* WHAT IS REQUIRED
Repeat the following lines exactly and nothing else: the line containing "v2: diameter 0.6, hole" and each line after it through the end of the listing.
=== WORKING DATA ===
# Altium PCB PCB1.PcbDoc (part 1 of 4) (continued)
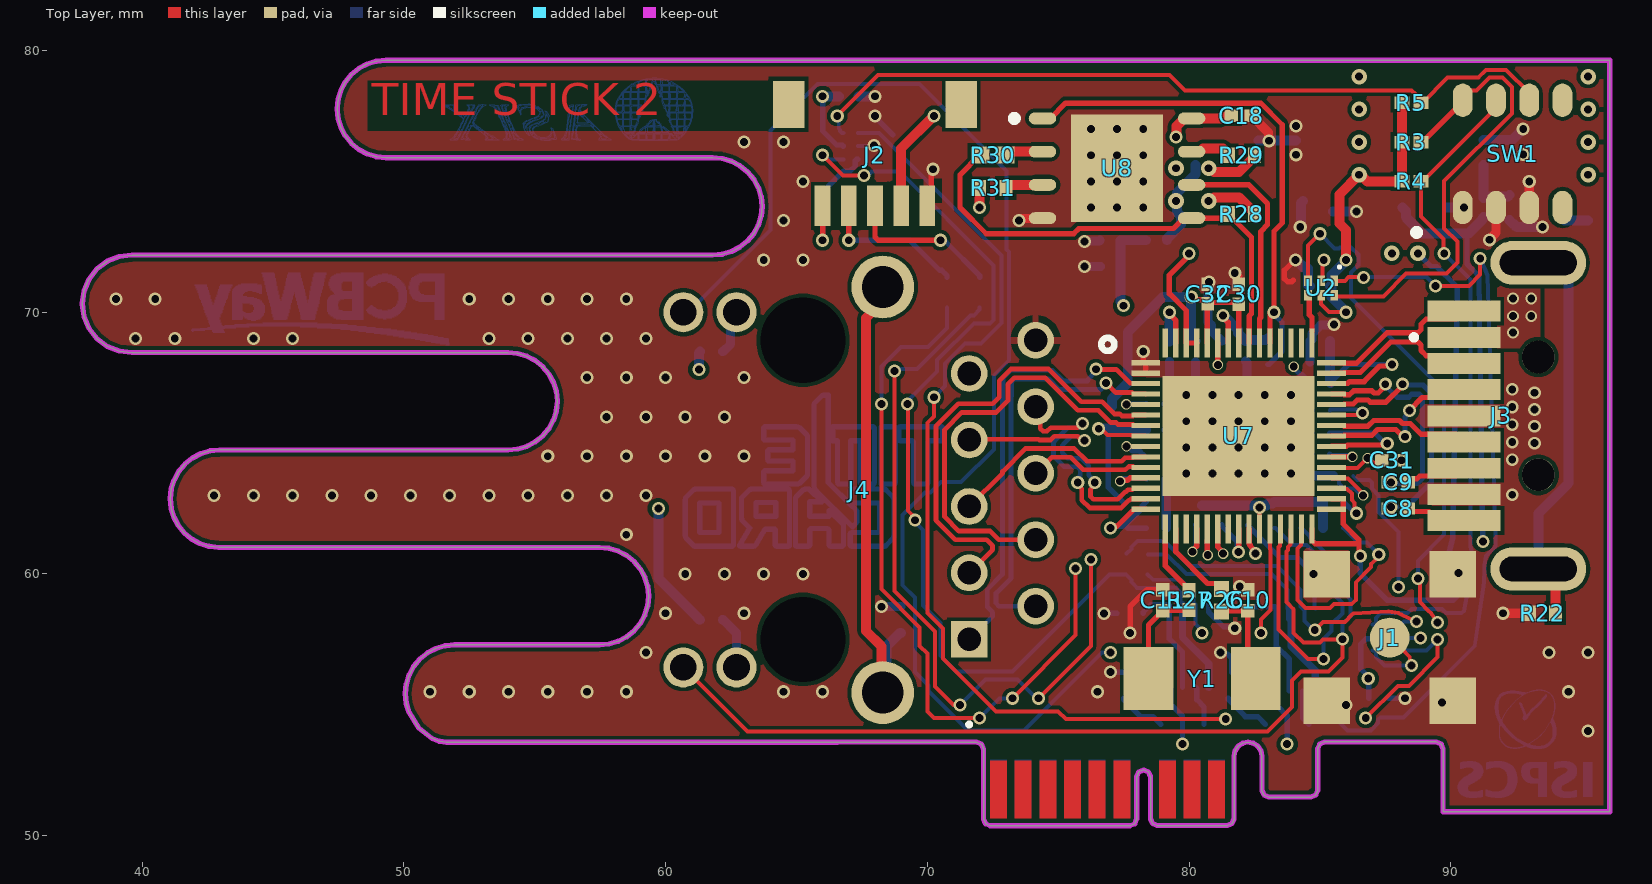
[diagram p0: Top Layer view]
## Part data (continued)
R18 R19: library part CRCW04020000Z0EDHP, "RES SMD 0 OHM JUMPER 1/5W 0402", Device Package="0402 (1005 Metric)", Manufacturer="Vishay Dale", Operating Temperature="-55°C ~ 155°C", Power (Watts)="0.2W, 1/5W", Ratings=AEC-Q200, Supplier Device Package=0402, Supplier Part Number 1=541-0.0YBCT-ND, Tolerance=Jumper, ComponentLink1Description=Datasheet, ComponentLink1URL=http://www.vishay.com/docs/20043/crcwhpe3.pdf, ComponentLink2Description="DigiKey Link", ComponentLink2URL=https://www.digikey.com/en/products/detail/vishay-dale/CRCW04020000Z0EDHP/2222496, Composition="Thick Film", Features="Automotive AEC-Q200, Pulse Withstanding", Height - Seated (Max)="0.016\" (0.40mm)", LastUpdated="2/9/2024 8:30:21 PM", Lifecycle Status=Active, Minimum Order=1, Number of Terminations=2, Package / Case="0402 (1005 Metric)", Packaging=TapeAndReel, Part Number=CRCW04020000Z0EDHP, Part Status=Active, PartId=3131, Price=0.01, Resistance="0 Ohms", Series=CRCW-HP, Size / Dimension="0.039\" L x 0.020\" W (1.00mm x 0.50mm)", Supplier 1=DigiKey
R22 R25: library part CMP-26527-001513-1, "1MΩ ±5% 0.063W 0402 Thick Film Chip Resistor AEC-Q200 compliant", Case Code (Imperial)=0402, Case Code (Metric)=1005, Manufacturer="Stackpole Electronics", Manufacturer Part Number=RMCF0402JT1M00, Max Operating Temperature=155°C, Max Power Dissipation=63mW, Min Operating Temperature=-55°C, Resistance=1MR, Resistor Type="Thick Film", Supplier Part Number=RMCF0402JT1M00CT-ND, Temperature Coefficient=100ppm/°C, Tolerance=5%, Working Voltage=50V, Case/Package=0402, CATEGORY="Chip SMD Resistors", ComponentLink1Description=https://datasheet.ciiva.com/26946/getdatasheetpartid-791049-26946706.pdf?src-supplier=Verical, ComponentLink1URL=https://datasheet.ciiva.com/26946/getdatasheetpartid-791049-26946706.pdf?src-supplier=Verical, Construction=Rectangular, Contact Plating=Tin, Depth=0.5mm, Features="Automotive AEC-Q200", Height=0.016inch, Lead Free="Lead Free", Length=0.039inch, Military Standard=Not, Mount="Surface Mount", Mounting Technology="Surface Mount", Number of Terminations=2, Packaging="Tape and Reel", Power Rating=63mW, Pricing="1=0.1, 10=0.016, 50=0.009, 100=0.0072, 500=0.00462, 1000=0.00389, 5000=0.00269 (USD)", Radiation Hardening=No, RoHS=Yes, RoHS Compliant=Yes, Series=RMCF, Stock=22890, Supplier=Digikey, Technology="THICK FILM", Width=0.02inch
R23 R24: library part CMP-13261-004965-1, "Res Thick Film 0402 330Ω 1% 0.063W ±100ppm/°C Molded SMD T/R", Case Code (Imperial)=0402, Case Code (Metric)=1005, Manufacturer=Samsung, Manufacturer Part Number=RC1005F331CS, Max Operating Temperature=155°C, Max Power Dissipation=63mW, Min Operating Temperature=-55°C, Package Quantity=1, Resistance=330R, Supplier Part Number=1276-3976-1-ND, Temperature Coefficient=100ppm/°C, Tolerance=1%, Case/Package=0402, CATEGORY="Chip SMD Resistors", ComponentLink1Description=https://datasheet.ciiva.com/16481/rc-series-16481001.pdf?src-supplier=Future+Electronics, ComponentLink1URL=https://datasheet.ciiva.com/16481/rc-series-16481001.pdf?src-supplier=Future+Electronics, Composition="Thick Film", Contact Plating=Tin, Depth=0.5mm, Features="Moisture Resistant", Height=0.016inch, Length=0.039inch, Military Standard=Not, Number of Terminations=2, Packaging="Tape and Reel", Power Rating=63mW, Pricing="1=0.1, 10=0.034, 50=0.0224, 100=0.0188, 500=0.01312, 1000=0.01142, 5000=0.0085 (USD)", Radiation Hardening=No, RoHS=Yes, RoHS Compliant=Yes, Series=RC, Stock=6645, Supplier=Digikey, Width=0.02inch
R27: library part CMP-2002-03738-1, Case Code (Imperial)=0402, Case Code (Metric)=1005, Manufacturer="KOA Speer", Manufacturer Part Number=RK73B1ETTP201J, Max Operating Temperature=155°C, Min Operating Temperature=-55°C, Package Quantity=10000, Power Rating=63mW, Supplier Part Number=2019-RK73B1ETTP201JCT-ND, Temperature Coefficient=200ppm/°C, Tolerance=5%, Voltage Rating=50V, Case/Package=0402, CATEGORY="Chip SMD Resistors", ComponentLink1Description=https://datasheet.ciiva.com/27054/1876901-27054398.pdf?src-supplier=Jameco, ComponentLink1URL=https://datasheet.ciiva.com/27054/1876901-27054398.pdf?src-supplier=Jameco, ComponentLink2Description=https://datasheet.ciiva.com/15202/getdatasheetpartid-170798-15202604.pdf?src-supplier=Verical, ComponentLink2URL=https://datasheet.ciiva.com/15202/getdatasheetpartid-170798-15202604.pdf?src-supplier=Verical, ComponentLink3Description=https://datasheet.ciiva.com/5555/rk73b-5555653.pdf?src-supplier=Mouser, ComponentLink3URL=https://datasheet.ciiva.com/5555/rk73b-5555653.pdf?src-supplier=Mouser, Construction=Rectangular, Depth=0.5mm, Height=0.35mm, Lead Free="Lead Free", Length=1mm, Military Standard=MIL-R-55342F, Mounting Technology="Surface Mount", Packaging="Tape and Reel", Part Number=RK73B1ETTP201J, Pricing="1=0.1, 10=0.017, 50=0.0104, 100=0.0087, 500=0.0058, 1000=0.00494, 5000=0.00355 (USD)", RoHS=Yes, RoHS Compliant=Yes, Series=RK73B, Stock=533194, Supplier=Digikey, Technology="THICK FILM", Termination=SMD/SMT, Voltage Rating (DC)=50V, Width=0.5mm
R30: library part CMP-2002-07182-1, Case/Package=0402, Manufacturer="Yageo / Phycomp", Manufacturer Part Number=RC0402FR-1322RL, Max Operating Temperature=155°C, Min Operating Temperature=-55°C, Package Height=0.35mm, Package Length=1mm, Package Shape=Rectangular, Package Style=SMTMeter, Package Width=0.5mm, Power=62.5mW, Rated Temperature=70°C, Resistor Type="FIXED RESISTOR", Supplier Part Number=13-RC0402FR-1322RLCT-ND, Temperature Coefficient=100ppm/°C, Tolerance=1%, Working Voltage=50V, Additional Feature="LASER TRIMMABLE", CATEGORY="Chip SMD Resistors", ComponentLink1Description=https://datasheet.ciiva.com:443/pdfs/VipMasterIC/IC/YAGO/YAGO-S-A0008145938/YAGO-S-A0008145938-1.pdf?src-supplier=IHS+Markit, ComponentLink1URL=https://datasheet.ciiva.com:443/pdfs/VipMasterIC/IC/YAGO/YAGO-S-A0008145938/YAGO-S-A0008145938-1.pdf?src-supplier=IHS+Markit, ComponentLink2Description=https://datasheet.ciiva.com/8890/pyu-rc0402-51-rohs-l-6-8890187.pdf?src-supplier=Avnet, ComponentLink2URL=https://datasheet.ciiva.com/8890/pyu-rc0402-51-rohs-l-6-8890187.pdf?src-supplier=Avnet, ComponentLink3Description=https://datasheet.ciiva.com/17423/pyu-rc0402-51-rohs-l-6-r-17423721.pdf?src-supplier=Future+Electronics, ComponentLink3URL=https://datasheet.ciiva.com/17423/pyu-rc0402-51-rohs-l-6-r-17423721.pdf?src-supplier=Future+Electronics, Construction=Chip, JESD-609 Code=e3, Mounting Technology="Surface Mount", Packaging="Tape and Reel", Part Number=RC0402FR-1322RL, Pins=2, Pricing="1=0.1, 10=0.015, 50=0.0088, 100=0.0073, 500=0.00488, 1000=0.00417, 5000=0.00297, 10000=0.00261 (USD)", Reach SVHC Compliant=Yes, RoHS=Yes, RoHS Compliant=Yes, Stock=43771, Supplier=Digikey, Technology="METAL GLAZE/THICK FILM", Terminal Finish=Nickel, Termination=Wraparound
R33: library part CMP-2002-07644-1, Case/Package=0402, Manufacturer=Yageo, Manufacturer Part Number=RC0402FR-0739K2L, Max Operating Temperature=155°C, Min Operating Temperature=-55°C, Package Height=0.35mm, Package Length=1mm, Package Shape=Rectangular, Package Style=SMTMeter, Package Width=0.5mm, Power=62.5mW, Rated Temperature=70°C, Resistor Type="FIXED RESISTOR", Supplier Part Number=311-39.2KLRCT-ND, Temperature Coefficient=100ppm/°C, Tolerance=1%, Working Voltage=50V, Additional Feature="LASER TRIMMABLE", CATEGORY="Chip SMD Resistors", ComponentLink1Description=https://datasheet.ciiva.com:443/pdfs/VipMasterIC/IC/YAGO/YAGO-S-A0008145938/YAGO-S-A0008145938-1.pdf?src-supplier=IHS+Markit, ComponentLink1URL=https://datasheet.ciiva.com:443/pdfs/VipMasterIC/IC/YAGO/YAGO-S-A0008145938/YAGO-S-A0008145938-1.pdf?src-supplier=IHS+Markit, ComponentLink2Description=https://datasheet.ciiva.com/7983/1018594-7983528.pdf?src-supplier=Element14, ComponentLink2URL=https://datasheet.ciiva.com/7983/1018594-7983528.pdf?src-supplier=Element14, ComponentLink3Description=https://datasheet.ciiva.com/5562/pyu-rc0402-51-rohs-l-6-r-5562837.pdf?src-supplier=Mouser, ComponentLink3URL=https://datasheet.ciiva.com/5562/pyu-rc0402-51-rohs-l-6-r-5562837.pdf?src-supplier=Mouser, ComponentLink4Description=https://datasheet.ciiva.com/2553/pyu-r-int-thick-7-2553209.pdf?src-supplier=Digikey, ComponentLink4URL=https://datasheet.ciiva.com/2553/pyu-r-int-thick-7-2553209.pdf?src-supplier=Digikey, ComponentLink5Description=https://datasheet.ciiva.com/2553/pyu-r-int-thick-7-2553210.pdf?src-supplier=Digikey, ComponentLink5URL=https://datasheet.ciiva.com/2553/pyu-r-int-thick-7-2553210.pdf?src-supplier=Digikey, ComponentLink6Description=https://datasheet.ciiva.com/2553/pyu-r-int-thick-7-2553211.pdf?src-supplier=Digikey, ComponentLink6URL=https://datasheet.ciiva.com/2553/pyu-r-int-thick-7-2553211.pdf?src-supplier=Digikey, ComponentLink7Description=https://datasheet.ciiva.com/16742/pyu-rc0402-51-rohs-l-6-r-16742220.pdf?src-supplier=Future+Electronics, ComponentLink7URL=https://datasheet.ciiva.com/16742/pyu-rc0402-51-rohs-l-6-r-16742220.pdf?src-supplier=Future+Electronics, Construction=Chip, JESD-609 Code=e3, Mounting Technology="Surface Mount", Packaging="Tape and Reel", Part Number=RC0402FR-0739K2L, Pins=2, Pricing="1=0.1, 10=0.015, 50=0.0088, 100=0.0073, 500=0.00488, 1000=0.00417, 5000=0.00297 (USD)", Reach SVHC Compliant=Yes, RoHS=Yes, RoHS Compliant=Yes, Stock=204222, Supplier=Digikey, Technology="METAL GLAZE/THICK FILM", Terminal Finish=Nickel, Termination=Wraparound
SW1: "SWITCH SLIDE DIP SPST 25MA 24V", Current Rating (Amps)=25mA, Manufacturer="CTS Electrocomponents", Operating Temperature="-55°C ~ 85°C", Supplier Part Number 1=CT2184LPST-ND, Voltage Rating=24VDC, Actuator Level="Flush, Recessed", Actuator Type="Slide (Standard)", Circuit=SPST, ComponentLink1Description=Datasheet, ComponentLink1URL=https://www.ctscorp.com/wp-content/uploads/218.pdf, ComponentLink2Description="DigiKey Link", ComponentLink2URL=http://digikey.com/product-detail/en/cts-electrocomponents/218-4LPST/CT2184LPST-ND/267320, Contact Finish=Gold, Contact Material="Beryllium Copper", Features="Epoxy Sealed Terminals, Tape Seal", Height Above Board="0.104\" (2.65mm)", LastUpdated="1/4/2020 7:03:56 PM", Lifecycle Status=Active, Minimum Order=1, Mounting Type="Surface Mount", Number of Positions=4, Packaging=Tube, Part Number=218-4LPST, Part Status=Active, PartId=10, Pitch="0.050\" (1.27mm), Half", Price=1.18, Series=218, Supplier 1=DigiKey, Termination Style="Gull Wing", Washable=Yes
U1 U4: "Integrated Circuit", Manufacturer_Name="ON Semiconductor", Mouser Part Number=512-NC7WV125K8X, Arrow Part Number=NC7WV125K8X, Arrow Price/Stock=https://www.arrow.com/en/products/nc7wv125k8x/on-semiconductor, Datasheet Link=https://www.mouser.com/datasheet/2/308/NC7WV125-1301459.pdf, Height=0.9mm, Manufacturer_Part_Number=NC7WV125K8X, Mouser Price/Stock=https://www.mouser.com/Search/Refine.aspx?Keyword=512-NC7WV125K8X
U2 U3 U5: "Analog Switch Single SPDT 6-Pin X2-DFN T/R", Package=None, Availability=Unavailable, MP=74LVC1G3157FZ4-7, Price=None
U6: library part CMP-0240-00158-1, "Synchronous rectification with inhibit, 1.5 A, 1.5 MHz adjustable, step-down switching regulator, 6-Pin DFN", Case/Package=DFN, Frequency=1.5MHz, Manufacturer=STMicroelectronics, Max Operating Temperature=125°C, Max Output Current=1.5A, Max Supply Voltage=6V, Min Input Voltage=2.7V, Min Operating Temperature=-30°C, Output Voltage=3.3V, Package Quantity=1, Quiescent Current=1.5mA, Supplier Part Number=497-6311-1-ND, Accuracy=2%, CATEGORY="Voltage Regulators - Switching", ComponentLink1Description="Manufacturer URL", ComponentLink1URL=http://www.st.com, ComponentLink2Description=Datasheet, ComponentLink2URL=http://www.st.com/internet/com/TECHNICAL_RESOURCES/TECHNICAL_LITERATURE/DATASHEET/CD00100211.pdf, ComponentLink3Description=https://datasheet.ciiva.com/15113/getdatasheetpartid-188384-15113793.pdf?src-supplier=Verical, ComponentLink3URL=https://datasheet.ciiva.com/15113/getdatasheetpartid-188384-15113793.pdf?src-supplier=Verical, ComponentLink4Description=https://datasheet.ciiva.com/2029/cd00100211-2029328.pdf?src-supplier=Digikey, ComponentLink4URL=https://datasheet.ciiva.com/2029/cd00100211-2029328.pdf?src-supplier=Digikey, ComponentLink5Description=https://datasheet.ciiva.com/2029/cd00100211-2029329.pdf?src-supplier=Digikey, ComponentLink5URL=https://datasheet.ciiva.com/2029/cd00100211-2029329.pdf?src-supplier=Digikey, ComponentLink6Description=https://datasheet.ciiva.com/2029/cd00100211-2029330.pdf?src-supplier=Digikey, ComponentLink6URL=https://datasheet.ciiva.com/2029/cd00100211-2029330.pdf?src-supplier=Digikey, ComponentLink7Description=https://datasheet.ciiva.com/16489/cd00100211-16489901.pdf?src-supplier=Future+Electronics, ComponentLink7URL=https://datasheet.ciiva.com/16489/cd00100211-16489901.pdf?src-supplier=Future+Electronics, ComponentLink8Description=https://datasheet.ciiva.com/4905/cd00100211-4905371.pdf?src-supplier=Mouser, ComponentLink8URL=https://datasheet.ciiva.com/4905/cd00100211-4905371.pdf?src-supplier=Mouser, DatasheetVersion=May-2009, Efficiency=90%, Height=0.95mm, Lead Free="Lead Free", Length=3.1mm, Manufacturer Part Number=ST1S06PU33R, Mounting Technology="Surface Mount", Number of Outputs=1, Operating Supply Voltage=6V, Output Current=1.5A, Output Type=Fixed,Adjustable, PackageDescription="6-Pin Plastic, Dual LLP, 3 x 3 mm Body, 0.95 mm Pitch, Exposed Pad", PackageReference=DFN6D, PackageVersion=2008, Packaging="Tape and Reel", Pins=6, Polarity=Positive, Pricing="1=1.46, 10=1.306, 25=1.2392, 100=1.0179, 250=0.95156, 500=0.8409, 1000=0.66387 (USD)", Radiation Hardening=No, RoHS=Yes, RoHS Compliant=Yes, Series=-, Stock=5274, Supplier=Digikey, Switching Frequency=1.5MHz, Synchronous Rectifier=Yes, Weight=0.000744oz, Width=3.1mm
U7: library part IC_AX88279
U8: library part CMP-00252-18686437-1, "SST25VF016B-50-4I-QAF-T Flash Serial-SPI 3.3V 16Mbit 2M x 8bit 8ns 8-Pin WSON EP T/R - Tape and Reel", Frequency=50MHz, Max Operating Temperature=85°C, Max Supply Voltage=3.6V, Min Operating Temperature=-40°C, Min Supply Voltage=2.7V, Nominal Supply Current=15mA, Operating Supply Voltage=3.3V, Access Time=8ns, Address Bus Width=1b, Data Bus Width=8b, Density=16Mb, Height=800µm, Interface=SPI, Lead Free="Lead Free", Lifecycle Status=Production, Max Frequency=50MHz, Memory Size=2MB, Memory Type=FLASH, Mount="Surface Mount", NexarPartId=18686437, Number of Pins=8, Packaging="Tape and Reel", Radiation Hardening=No, RoHS=Compliant, Schedule B="8542320050, 8542320050", Sync/Async=Synchronous, Word Size=8b
U9: library part CMP-0240-00159-1, "Synchronous rectification with inhibit, 1.5 A, 1.5 MHz adjustable, step-down switching regulator, 6-Pin DFN", ComponentLink1Description="Manufacturer URL", ComponentLink1URL=http://www.st.com, ComponentLink2Description=Datasheet, ComponentLink2URL=http://www.st.com/internet/com/TECHNICAL_RESOURCES/TECHNICAL_LITERATURE/DATASHEET/CD00100211.pdf, DatasheetVersion=May-2009, PackageDescription="6-Pin Plastic, Dual LLP, 3 x 3 mm Body, 0.95 mm Pitch, Exposed Pad", PackageReference=DFN6D, PackageVersion=2008
Y1: library part CMP-27762-002203-1, "Crystal 25MHz ±20ppm 18pF SMD-2 5mm x 3.2mm", Case/Package=CSMD, ESR (Equivalent Series Resistance)=30R, Frequency=25MHz, Frequency Stability=30ppm, Frequency Tolerance=20ppm, Load Capacitance=18pF, Manufacturer=Abracon, Max Operating Temperature=85°C, Min Operating Temperature=-40°C, Operating Frequency="25 MHz", Operating Frequency-Nom=250, Package Quantity=1000, Resistor Type=Ceramic, Supplier Part Number=535-10645-1-ND, Aging="5 PPM/FIRST YEAR", CATEGORY=Crystals, ComponentLink1Description=https://datasheet.ciiva.com:443/pdfs/VipMasterIC/IC/ABRC/ABRCS03152/ABRCS03152-1.pdf?src-supplier=IHS+Markit, ComponentLink1URL=https://datasheet.ciiva.com:443/pdfs/VipMasterIC/IC/ABRC/ABRCS03152/ABRCS03152-1.pdf?src-supplier=IHS+Markit, ComponentLink2Description=https://datasheet.ciiva.com/855/abm3-855867.pdf?src-supplier=Digikey, ComponentLink2URL=https://datasheet.ciiva.com/855/abm3-855867.pdf?src-supplier=Digikey, ComponentLink3Description=https://datasheet.ciiva.com/855/abm3-855868.pdf?src-supplier=Digikey, ComponentLink3URL=https://datasheet.ciiva.com/855/abm3-855868.pdf?src-supplier=Digikey, ComponentLink4Description=https://datasheet.ciiva.com/855/abm3-855869.pdf?src-supplier=Digikey, ComponentLink4URL=https://datasheet.ciiva.com/855/abm3-855869.pdf?src-supplier=Digikey, ComponentLink5Description=https://datasheet.ciiva.com/16223/abm3-16223368.pdf?src-supplier=Future+Electronics, ComponentLink5URL=https://datasheet.ciiva.com/16223/abm3-16223368.pdf?src-supplier=Future+Electronics, ComponentLink6Description=https://datasheet.ciiva.com/7998/abm3-7998575.pdf?src-supplier=Element14, ComponentLink6URL=https://datasheet.ciiva.com/7998/abm3-7998575.pdf?src-supplier=Element14, Crystal/Resonator Type="PARALLEL - FUNDAMENTAL", Depth=3.2mm, Drive Level=10uW, ESR=50R, Height=0.051inch, JESD-609 Code=e4, Lead Free="Lead Free", Length=5mm, Manufacturer Part Number=ABM3-25.000MHZ-D2Y-T, Mount="Surface Mount", Mounting Technology="Surface Mount", Number of Pins=2, Packaging="Tape and Reel", Pricing="1=0.59, 10=0.505, 50=0.4552, 100=0.4354, 500=0.39268 (USD)", REACH SVHC=Yes, Reach SVHC Compliant=Yes, RoHS=Yes, RoHS Compliant=Yes, Series=ABM3, Series Resistance=30R, Stock=31136, Supplier=Digikey, Terminal Finish=Silver, Termination=SMD/SMT, Tolerance=20ppm, Width=3.2mm

## Via types
v1: diameter 0.5, hole 0.3, Top Layer to Bottom Layer, tented both sides, 181 vias
v2: diameter 0.6, hole 0.3, Top Layer to Bottom Layer, tented bottom, 32 vias
v3: diameter 0.6, hole 0.3, Top Layer to Bottom Layer, tented both sides, 14 vias
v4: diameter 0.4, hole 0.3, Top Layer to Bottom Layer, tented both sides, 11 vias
===
* ANSWER SPACE
v2: diameter 0.6, hole 0.3, Top Layer to Bottom Layer, tented bottom, 32 vias
v3: diameter 0.6, hole 0.3, Top Layer to Bottom Layer, tented both sides, 14 vias
v4: diameter 0.4, hole 0.3, Top Layer to Bottom Layer, tented both sides, 11 vias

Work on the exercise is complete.